>>
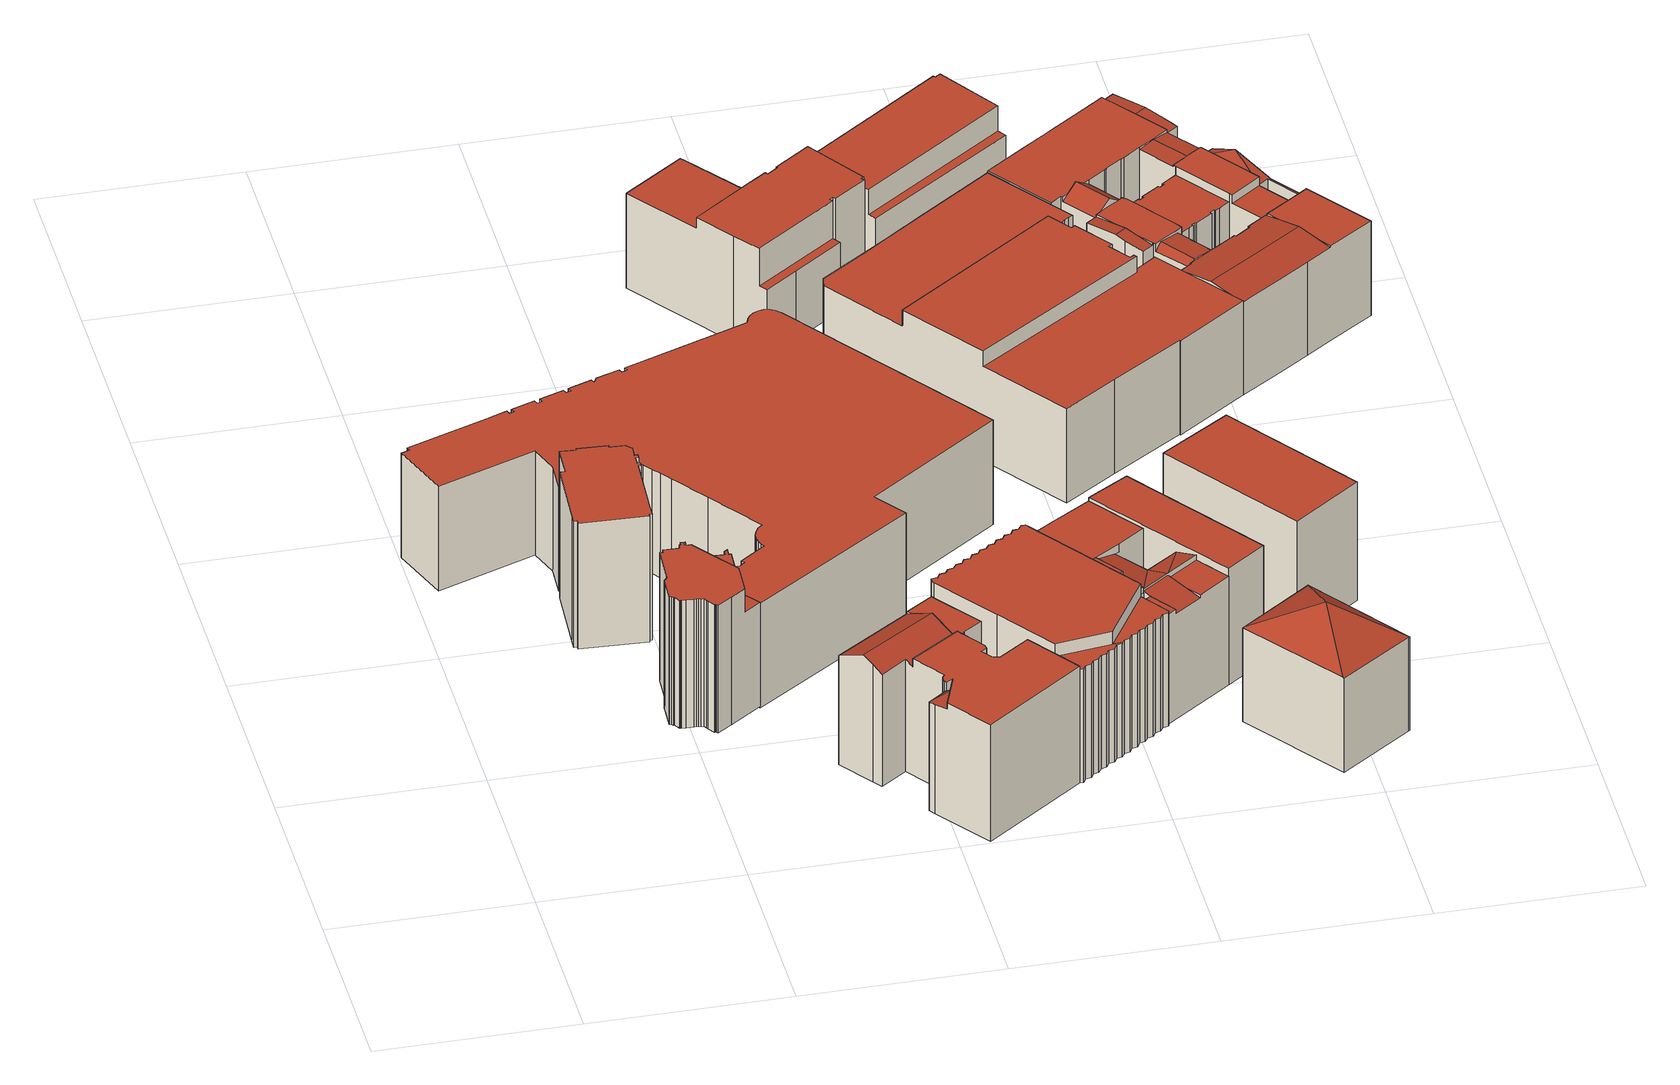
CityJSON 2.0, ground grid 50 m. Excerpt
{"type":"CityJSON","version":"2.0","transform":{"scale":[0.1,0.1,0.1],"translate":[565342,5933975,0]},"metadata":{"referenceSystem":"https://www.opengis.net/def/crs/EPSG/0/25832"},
"CityObjects":{
"building1":{"type":"Building","attributes":{"Gemeindeschluessel":"02000000","Geometrietyp2DReferenz":"3000","function":"31001_2310","roofType":"1000","measuredHeight":35.22,"storeysAboveGround":10},"geometry":[{"type":"MultiSurface","lod":"2","boundaries":[[[0,1,2,3]],[[4,1,0,5]],[[6,7,4,5]],[[6,8,9,7]],[[10,11,9,8]],[[10,12,13,11]],[[12,14,15,13]],[[16,17,15,14]],[[16,18,19,17]],[[19,18,20,21]],[[20,22,23,21]],[[24,25,23,22]],[[24,26,27,25]],[[27,26,28,29]],[[28,30,31,29]],[[31,30,32,33]],[[33,32,34,35]],[[35,34,36,37]],[[36,38,39,37]],[[39,38,40,41]],[[42,41,40,43]],[[42,43,44,45]],[[46,45,44,47]],[[48,46,47,49]],[[48,49,50,51]],[[52,51,50,53]],[[2,52,53,3]],[[24,22,20,18,16,14,12,10,8,6,5,0,3,53,50,49,47,44,43,40,38,36,34,32,30,28,26]],[[1,4,7,9,11,13,15,17,19,21,23,25,27,29,31,33,35,37,39,41,42,45,46,48,51,52,2]]],"semantics":{"surfaces":[{"type":"WallSurface"},{"type":"GroundSurface"},{"type":"RoofSurface"}],"values":[0,0,0,0,0,0,0,0,0,0,0,0,0,0,0,0,0,0,0,0,0,0,0,0,0,0,0,1,2]}}]},
"building2":{"type":"Building","attributes":{"Gemeindeschluessel":"02000000","Geometrietyp2DReferenz":"3000","function":"31001_2010","roofType":"1000","measuredHeight":35.73,"storeysAboveGround":8},"geometry":[{"type":"MultiSurface","lod":"2","boundaries":[[[54,55,56,57]],[[57,56,58,59]],[[59,58,60,61]],[[61,60,62,63]],[[63,62,64,65]],[[65,64,66,67]],[[67,66,68,69]],[[69,68,70,71]],[[72,73,74,75]],[[75,74,76,77]],[[77,76,78,79]],[[79,78,80,81]],[[81,80,82,83]],[[83,82,84,85]],[[85,84,86,87]],[[87,86,88,89]],[[89,88,90,91]],[[91,90,92,93]],[[93,92,94,95]],[[95,94,96,97]],[[97,96,98,99]],[[100,101,102,103]],[[104,105,106,107]],[[108,109,110,111]],[[111,110,112,113]],[[113,112,114,115]],[[116,117,118,119]],[[119,118,120,121]],[[121,120,122,123]],[[123,122,124,125]],[[125,124,126,127]],[[127,126,128,129]],[[129,128,130,131]],[[131,130,132,133]],[[133,132,134,135]],[[135,134,136,137]],[[137,136,138,139]],[[139,138,140,141]],[[142,143,144,145]],[[145,144,146,147]],[[146,144,143,114,112,110,109,106,105,148,102,101,98,96,94,92,90,88,86,84,82,80,78,76,74,73,149,150,70,68,66,64,62,60,58,56,55,151,152,153,154,155,156,157]],[[108,111,113,115,142,145,147,158,159,160,161,162,163,164,54,57,59,61,63,65,67,69,71,165,166,72,75,77,79,81,83,85,87,89,91,93,95,97,99,116,119,121,123,125,127,129,131,133,135,137,139,141,167,168,169]],[[103,102,148,168,167,170]],[[108,169,171,107,106,109]],[[170,167,141,140]],[[142,115,114,143]],[[169,168,148,105,104,171]],[[116,99,98,101,100,117]],[[158,147,146,157]],[[72,166,149,73]],[[170,140,138,136,134,132,130,128,126,124,122,120,118,117,100,103]],[[171,104,107]],[[71,70,150,165]],[[165,150,149,166]],[[158,157,156,159]],[[159,156,155,160]],[[160,155,154,161]],[[161,154,153,162]],[[162,153,152,163]],[[163,152,151,164]],[[164,151,55,54]]],"semantics":{"surfaces":[{"type":"WallSurface"},{"type":"RoofSurface"},{"type":"GroundSurface"}],"values":[0,0,0,0,0,0,0,0,0,0,0,0,0,0,0,0,0,0,0,0,0,0,0,0,0,0,0,0,0,0,0,0,0,0,0,0,0,0,0,0,1,2,0,0,0,0,0,0,0,0,1,1,0,0,0,0,0,0,0,0,0]}}]},
"building3":{"type":"Building","attributes":{"Gemeindeschluessel":"02000000","Geometrietyp2DReferenz":"3000","function":"31001_2010","roofType":"1000","measuredHeight":29.14,"storeysAboveGround":7},"geometry":[{"type":"MultiSurface","lod":"2","boundaries":[[[172,173,174,175,176,177,178,179,180,181,182,183,184,185,186,187,188,189,190,191,192,193,194,195,196,197,198,199,200,201,202,203,204,205,206,207,208,209,210,211,212,213,214,215,216,217,218,219,220,221,222,223,224,225,226,227,228,229,230,231,232,233,234,235,236,237,238,239,240,241,242,243]],[[244,245,246,247,248,249,250,251,252,253,254,255,256,257,258,259,260,261,262,263,264,265,266,267,268,269,270,271,272,273,274,275,276,277,278,279,280,281,282,283,284,285,286,287,288,289,290,291,292,293,294,295,296,297,298,299,300,301,302,303,304,305,306,307,308,309,310,311,312,313,314,315]],[[315,314,173,172]],[[314,313,174,173]],[[313,312,175,174]],[[312,311,176,175]],[[311,310,177,176]],[[310,309,178,177]],[[309,308,179,178]],[[308,307,180,179]],[[307,306,181,180]],[[306,305,182,181]],[[305,304,183,182]],[[304,303,184,183]],[[303,302,185,184]],[[302,301,186,185]],[[301,300,187,186]],[[300,299,188,187]],[[299,298,189,188]],[[298,297,190,189]],[[297,296,191,190]],[[296,295,192,191]],[[295,294,193,192]],[[294,293,194,193]],[[293,292,195,194]],[[292,291,196,195]],[[291,290,197,196]],[[290,289,198,197]],[[289,288,199,198]],[[288,287,200,199]],[[287,286,201,200]],[[286,285,202,201]],[[285,284,203,202]],[[284,283,204,203]],[[283,282,205,204]],[[282,281,206,205]],[[281,280,207,206]],[[280,279,208,207]],[[279,278,209,208]],[[278,277,210,209]],[[277,276,211,210]],[[276,275,212,211]],[[275,274,213,212]],[[274,273,214,213]],[[273,272,215,214]],[[272,271,216,215]],[[271,270,217,216]],[[270,269,218,217]],[[269,268,219,218]],[[268,267,220,219]],[[267,266,221,220]],[[266,265,222,221]],[[265,264,223,222]],[[264,263,224,223]],[[263,262,225,224]],[[262,261,226,225]],[[261,260,227,226]],[[260,259,228,227]],[[259,258,229,228]],[[258,257,230,229]],[[257,256,231,230]],[[256,255,232,231]],[[255,254,233,232]],[[254,253,234,233]],[[253,252,235,234]],[[252,251,236,235]],[[251,250,237,236]],[[250,249,238,237]],[[249,248,239,238]],[[248,247,240,239]],[[247,246,241,240]],[[246,245,242,241]],[[245,244,243,242]],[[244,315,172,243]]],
<<
Task goal: Look through the records and gather each line with the word "CityJSON".

Solution:
CityJSON 2.0, ground grid 50 m. Excerpt
{"type":"CityJSON","version":"2.0","transform":{"scale":[0.1,0.1,0.1],"translate":[565342,5933975,0]},"metadata":{"referenceSystem":"https://www.opengis.net/def/crs/EPSG/0/25832"},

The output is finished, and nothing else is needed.